Records from a data source
────────

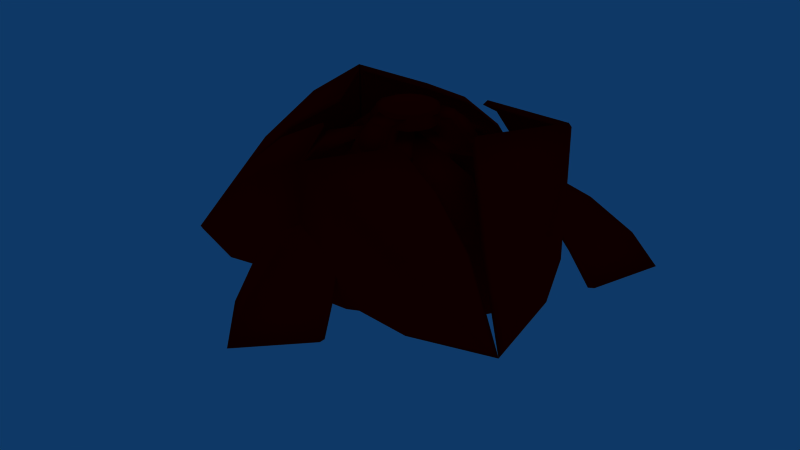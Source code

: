 # Source: beacons.blend  (saved by Blender 2.48.1; exported with 4.5.12 LTS)
import bpy
from mathutils import Matrix  # noqa: F401  (used for matrix-valued properties, if any)

bpy.ops.wm.read_factory_settings(use_empty=True)
scene = bpy.context.scene
scene.name = 'beacon_dispenser'

# ---- collections
col_collection_1_002 = bpy.data.collections.new('Collection 1.002'); scene.collection.children.link(col_collection_1_002)
col_collection_1_002.hide_render = True
col_collection_1_002.hide_viewport = True
col_collection_11_002 = bpy.data.collections.new('Collection 11.002'); scene.collection.children.link(col_collection_11_002)
col_collection_12_002 = bpy.data.collections.new('Collection 12.002'); scene.collection.children.link(col_collection_12_002)
col_collection_12_002.hide_render = True
col_collection_12_002.hide_viewport = True

# ---- materials (node trees are filled in below, after node groups)
mat_tank = bpy.data.materials.new('tank')
mat_tank.alpha_threshold = 0.0
mat_tank.diffuse_color = (1.0, 0.0, 0.0, 1.0)
mat_tank.roughness = 0.5
mat_tank.line_color = (0.0, 0.0, 0.0, 1.0)

# ---- material node trees

# ---- world
world_world_002 = bpy.data.worlds.new('World.002'); scene.world = world_world_002
world_world_002.color = (0.05656, 0.2208, 0.4)
world_world_002.use_sun_shadow = False
world_world_002.sun_shadow_jitter_overblur = 0.0
world_world_002.cycles.sampling_method = 'MANUAL'
world_world_002.cycles.sample_map_resolution = 256
world_world_002.light_settings.ao_factor = 3.0

# ---- meshes
me_beacon_dispenser = bpy.data.meshes.new('beacon dispenser')
me_beacon_dispenser.from_pydata([(0.1438, 0.05296, 0.03904), (0.1516, 0.07701, 0.0007357), (0.1621, 0.06354, -0.001646), (0.1685, 0.04768, 0.0007356), (0.1698, 0.03186, 0.007518), (0.1658, 0.01847, 0.01767), (0.1571, 0.009569, 0.02964), (0.1451, 0.006499, 0.04162), (0.1315, 0.009731, 0.05177), (0.1184, 0.01877, 0.05855), (0.1079, 0.03225, 0.06093), (0.1015, 0.0481, 0.05855), (0.1002, 0.06393, 0.05177), (0.1042, 0.07731, 0.04162), (0.1129, 0.08621, 0.02964), (0.1249, 0.08928, 0.01767), (0.1385, 0.08605, 0.007518), (0.1604, 0.08208, 0.01013), (0.1709, 0.0686, 0.007748), (0.1773, 0.05275, 0.01013), (0.1786, 0.03692, 0.01691), (0.1746, 0.02354, 0.02706), (0.1659, 0.01464, 0.03904), (0.1539, 0.01157, 0.05101), (0.1403, 0.0148, 0.06116), (0.1272, 0.02384, 0.06794), (0.1167, 0.03731, 0.07033), (0.1103, 0.05317, 0.06794), (0.109, 0.06899, 0.06116), (0.113, 0.08238, 0.05101), (0.1217, 0.09128, 0.03904), (0.1337, 0.09435, 0.02706), (0.1473, 0.09112, 0.01691), (0.02309, 0.04639, 0.08002), (0.07702, -0.04701, 0.08002), (0.1848, 0.01261, 0.0111), (0.1299, -0.0002666, 0.07029), (0.1294, 0.1086, 0.0111), (0.0908, 0.0675, 0.07029), (0.1429, 0.1229, -0.04826), (0.1429, 0.1229, -0.02227), (0.204, 0.0171, -0.04826), (0.204, 0.0171, -0.02227), (0.01164, 0.01082, 0.04847), (0.04826, 0.02224, 0.04321), (0.04081, -0.03969, 0.04847), (0.06942, -0.01441, 0.04321), (-0.001486, -0.03043, 0.04847), (0.1095, -0.005017, -0.02091), (0.07641, 0.05222, -0.02091), (-0.002731, -0.03122, 0.04847), (-0.00188, -0.03119, 0.08331), (0.0882, -0.04305, 0.0665), (0.07681, -0.07662, 0.0665), (0.05343, -0.1033, 0.0665), (0.02164, -0.1189, 0.0665), (-0.01374, -0.1213, 0.0665), (-0.04731, -0.1099, 0.0665), (-0.07396, -0.0865, 0.0665), (-0.08964, -0.0547, 0.0665), (-0.09196, -0.01933, 0.0665), (-0.08056, 0.01424, 0.0665), (-0.05719, 0.04089, 0.0665), (-0.0254, 0.05657, 0.0665), (0.009979, 0.05889, 0.0665), (0.04355, 0.0475, 0.0665), (0.0702, 0.02412, 0.0665), (0.08588, -0.007672, 0.0665), (0.0882, -0.04305, 0.08331), (0.07681, -0.07662, 0.08331), (0.05343, -0.1033, 0.08331), (0.02164, -0.1189, 0.08331), (-0.01374, -0.1213, 0.08331), (-0.04731, -0.1099, 0.08331), (-0.07396, -0.0865, 0.08331), (-0.08964, -0.0547, 0.08331), (-0.09196, -0.01933, 0.08331), (-0.08056, 0.01424, 0.08331), (-0.05719, 0.04089, 0.08331), (-0.0254, 0.05657, 0.08331), (0.009979, 0.05889, 0.08331), (0.04355, 0.0475, 0.08331), (0.0702, 0.02412, 0.08331), (0.08588, -0.007672, 0.08331), (-0.1476, 0.05289, 0.03904), (-0.1723, 0.04761, 0.0007357), (-0.1659, 0.06347, -0.001646), (-0.1554, 0.07694, 0.0007356), (-0.1423, 0.08598, 0.007518), (-0.1287, 0.08921, 0.01767), (-0.1167, 0.08614, 0.02964), (-0.108, 0.07724, 0.04162), (-0.104, 0.06386, 0.05177), (-0.1053, 0.04803, 0.05855), (-0.1117, 0.03218, 0.06093), (-0.1222, 0.0187, 0.05855), (-0.1353, 0.009662, 0.05177), (-0.1489, 0.006431, 0.04162), (-0.1609, 0.009501, 0.02964), (-0.1696, 0.0184, 0.01767), (-0.1736, 0.03179, 0.007518), (-0.1811, 0.05268, 0.01013), (-0.1747, 0.06854, 0.007748), (-0.1642, 0.08201, 0.01013), (-0.1511, 0.09105, 0.01691), (-0.1375, 0.09428, 0.02706), (-0.1255, 0.09121, 0.03904), (-0.1168, 0.08231, 0.05101), (-0.1128, 0.06893, 0.06116), (-0.1141, 0.0531, 0.06794), (-0.1205, 0.03725, 0.07033), (-0.131, 0.02377, 0.06794), (-0.1441, 0.01473, 0.06116), (-0.1577, 0.0115, 0.05101), (-0.1697, 0.01457, 0.03904), (-0.1784, 0.02347, 0.02706), (-0.1824, 0.03686, 0.01691), (-0.08155, -0.04835, 0.08002), (-0.02763, 0.04505, 0.08002), (-0.1331, 0.1086, 0.0111), (-0.09456, 0.0675, 0.07029), (-0.1886, 0.01261, 0.0111), (-0.1337, -0.0002665, 0.07029), (-0.2077, 0.0171, -0.04826), (-0.2077, 0.0171, -0.02227), (-0.1466, 0.1229, -0.04826), (-0.1466, 0.1229, -0.02227), (-0.04502, -0.04048, 0.04847), (-0.07322, -0.01448, 0.04321), (-0.01586, 0.01003, 0.04847), (-0.05206, 0.02217, 0.04321), (-0.002731, -0.03122, 0.04847), (-0.08021, 0.05215, -0.02091), (-0.1133, -0.005085, -0.02091), (-0.00184, -0.1994, 0.03904), (0.01509, -0.2182, 0.0007357), (-0.00184, -0.2206, -0.001646), (-0.01877, -0.2182, 0.0007356), (-0.03313, -0.2114, 0.007518), (-0.04272, -0.2012, 0.01767), (-0.04609, -0.1893, 0.02964), (-0.04272, -0.1773, 0.04162), (-0.03313, -0.1672, 0.05177), (-0.01877, -0.1604, 0.05855), (-0.001841, -0.158, 0.06093), (0.01509, -0.1604, 0.05855), (0.02945, -0.1672, 0.05177), (0.03904, -0.1773, 0.04162), (0.04241, -0.1893, 0.02964), (0.03904, -0.2012, 0.01767), (0.02945, -0.2114, 0.007518), (0.01509, -0.2283, 0.01013), (-0.00184, -0.2307, 0.007748), (-0.01877, -0.2283, 0.01013), (-0.03313, -0.2215, 0.01691), (-0.04272, -0.2114, 0.02706), (-0.04609, -0.1994, 0.03904), (-0.04272, -0.1874, 0.05101), (-0.03313, -0.1773, 0.06116), (-0.01877, -0.1705, 0.06794), (-0.00184, -0.1681, 0.07033), (0.01509, -0.1705, 0.06794), (0.02945, -0.1773, 0.06116), (0.03904, -0.1874, 0.05101), (0.04241, -0.1994, 0.03904), (0.03904, -0.2114, 0.02706), (0.02945, -0.2215, 0.01691), (0.05282, -0.0916, 0.08002), (-0.05503, -0.0916, 0.08002), (-0.05729, -0.2148, 0.0111), (-0.04101, -0.1608, 0.07029), (0.05353, -0.2148, 0.0111), (0.03725, -0.1608, 0.07029), (0.05922, -0.2336, -0.04826), (0.05922, -0.2336, -0.02227), (-0.06298, -0.2336, -0.04826), (-0.06298, -0.2336, -0.02227), (0.02774, -0.0639, 0.04847), (0.01932, -0.1013, 0.04321), (-0.03058, -0.0639, 0.04847), (-0.023, -0.1013, 0.04321), (-0.001422, -0.03191, 0.04847), (-0.03488, -0.1407, -0.02091), (0.0312, -0.1407, -0.02091), (-0.00188, -0.03119, 0.005635), (0.2312, -0.06187, -0.1206), (0.2017, -0.1487, -0.1206), (0.1412, -0.2177, -0.1206), (0.05896, -0.2582, -0.1206), (-0.03256, -0.2642, -0.1206), (-0.1194, -0.2348, -0.1206), (-0.1884, -0.1743, -0.1206), (-0.2289, -0.09203, -0.1206), (-0.2349, -0.0005057, -0.1206), (-0.2055, 0.08635, -0.1206), (-0.145, 0.1553, -0.1206), (-0.06272, 0.1959, -0.1206), (0.0288, 0.2019, -0.1206), (0.1157, 0.1724, -0.1206), (0.1846, 0.1119, -0.1206), (0.2252, 0.02965, -0.1206), (0.2312, -0.06187, 0.005635), (0.2017, -0.1487, 0.005635), (0.1412, -0.2177, 0.005635), (0.05896, -0.2582, 0.005635), (-0.03256, -0.2642, 0.005635), (-0.1194, -0.2348, 0.005635), (-0.1884, -0.1743, 0.005635), (-0.2289, -0.09203, 0.005635), (-0.2349, -0.0005051, 0.005635), (-0.2055, 0.08635, 0.005635), (-0.145, 0.1553, 0.005635), (-0.06272, 0.1959, 0.005635), (0.0288, 0.2019, 0.005635), (0.1157, 0.1724, 0.005635), (0.1846, 0.1119, 0.005635), (0.2252, 0.02965, 0.005635), (-0.002418, -0.3971, -0.0627), (0.05617, -0.2599, -0.003289), (0.09009, -0.3412, -0.1223), (0.08028, -0.3063, -0.0627), (0.08996, -0.3516, -0.1223), (0.08016, -0.3167, -0.0627), (0.05604, -0.2703, -0.003289), (-0.002542, -0.4075, -0.0627), (-0.002347, -0.3344, -0.003289), (-0.003418, -0.4517, -0.1223), (-0.06068, -0.2703, -0.003289), (-0.0848, -0.3167, -0.0627), (-0.0946, -0.3516, -0.1223), (-0.002625, -0.2066, 0.06458), (-0.08492, -0.3063, -0.0627), (-0.09473, -0.3412, -0.1223), (-0.06081, -0.2599, -0.003289), (-0.002749, -0.1962, 0.06458), (-0.003542, -0.4414, -0.1223), (-0.002418, -0.324, -0.003289), (-0.3185, 0.1522, -0.0627), (-0.229, 0.0329, -0.003289), (-0.3164, 0.04418, -0.1223), (-0.2812, 0.0352, -0.0627), (-0.3253, 0.04948, -0.1223), (-0.2901, 0.0405, -0.0627), (-0.2379, 0.0382, -0.003289), (-0.3274, 0.1575, -0.0627), (-0.2642, 0.1208, -0.003289), (-0.3653, 0.1804, -0.1223), (-0.1795, 0.1393, -0.003289), (-0.2076, 0.1834, -0.0627), (-0.233, 0.2093, -0.1223), (-0.1534, 0.05715, 0.06458), (-0.1986, 0.1783, -0.0627), (-0.2239, 0.2042, -0.1223), (-0.1705, 0.1342, -0.003289), (-0.1444, 0.05207, 0.06458), (-0.3563, 0.1753, -0.1223), (-0.2552, 0.1157, -0.003289), (0.3153, 0.1513, -0.0627), (0.1672, 0.1334, -0.003289), (0.2206, 0.2035, -0.1223), (0.1953, 0.1775, -0.0627), (0.2297, 0.2086, -0.1223), (0.2043, 0.1826, -0.0627), (0.1762, 0.1385, -0.003289), (0.3243, 0.1564, -0.0627), (0.261, 0.12, -0.003289), (0.3631, 0.1778, -0.1223), (0.2346, 0.03743, -0.003289), (0.2868, 0.03974, -0.0627), (0.322, 0.04871, -0.1223), (0.1504, 0.05586, 0.06458), (0.2779, 0.03444, -0.0627), (0.313, 0.04342, -0.1223), (0.2257, 0.03214, -0.003289), (0.1415, 0.05057, 0.06458), (0.3542, 0.1725, -0.1223), (0.252, 0.1148, -0.003289), (0.1837, -0.2778, 0.01197), (0.08479, -0.2944, 0.0825), (-0.002461, -0.2903, 0.124), (0.2349, -0.1892, 0.01197), (0.1837, -0.2778, -0.101), (0.1572, -0.1689, 0.0825), (0.08479, -0.2944, -0.07747), (0.07741, -0.152, 0.124), (-0.002461, -0.2903, -0.05243), (0.3162, -0.2252, -0.1114), (0.08928, -0.2866, -0.08758), (0.002029, -0.2825, -0.06253), (0.1617, -0.1612, 0.0724), (0.0819, -0.1442, 0.1139), (0.1882, -0.27, -0.1111), (0.3207, -0.2174, -0.1215), (0.2394, -0.1814, 0.001866), (0.002029, -0.2825, 0.1139), (0.1882, -0.27, 0.001866), (0.08928, -0.2866, 0.0724), (0.09174, -0.142, 0.06201), (0.1494, -0.1927, -0.02332), (0.1696, -0.2105, -0.124), (0.2391, -0.08981, -0.124), (0.2136, -0.0812, -0.02332), (0.1409, -0.05668, 0.06201), (0.02061, -0.04399, 0.1066), (0.1511, -0.06191, 0.06416), (0.2247, -0.08672, -0.02216), (0.2505, -0.09543, -0.124), (0.1802, -0.2175, -0.124), (0.1597, -0.1995, -0.02216), (0.1014, -0.1483, 0.06416), (0.3045, -0.06864, 0.01197), (0.2694, 0.02537, 0.0825), (0.2222, 0.09888, 0.124), (0.2533, -0.1572, 0.01197), (0.3045, -0.06864, -0.101), (0.197, -0.1001, 0.0825), (0.2694, 0.02537, -0.07747), (0.1424, -0.03947, 0.124), (0.2222, 0.09888, -0.05243), (0.3251, -0.2096, -0.1114), (0.2649, 0.01759, -0.08758), (0.2177, 0.0911, -0.06253), (0.1925, -0.1079, 0.0724), (0.1379, -0.04724, 0.1139), (0.3, -0.07641, -0.1111), (0.3207, -0.2174, -0.1215), (0.2488, -0.165, 0.001866), (0.2177, 0.0911, 0.1139), (0.3, -0.07641, 0.001866), (0.2649, 0.01759, 0.0724), (-0.1875, -0.2778, 0.01197), (-0.08854, -0.2944, 0.0825), (-0.001299, -0.2903, 0.124), (-0.2386, -0.1892, 0.01197), (-0.1875, -0.2778, -0.101), (-0.161, -0.1689, 0.0825), (-0.08854, -0.2944, -0.07747), (-0.08117, -0.152, 0.124), (-0.001299, -0.2903, -0.05243), (-0.3199, -0.2252, -0.1114), (-0.09303, -0.2866, -0.08758), (-0.005789, -0.2825, -0.06253), (-0.1655, -0.1612, 0.0724), (-0.08566, -0.1442, 0.1139), (-0.192, -0.27, -0.1111), (-0.3244, -0.2174, -0.1215), (-0.2431, -0.1814, 0.001866), (-0.005789, -0.2825, 0.1139), (-0.192, -0.27, 0.001866), (-0.09303, -0.2866, 0.0724), (-0.1447, -0.05684, 0.06201), (-0.2174, -0.08141, -0.02332), (-0.243, -0.09004, -0.124), (-0.1732, -0.2106, -0.124), (-0.1529, -0.1928, -0.02332), (-0.09534, -0.1421, 0.06201), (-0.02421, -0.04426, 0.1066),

────────

Required action: Please tally the lines above that contain "children" and report nothing but the total.

Answer for the task: 3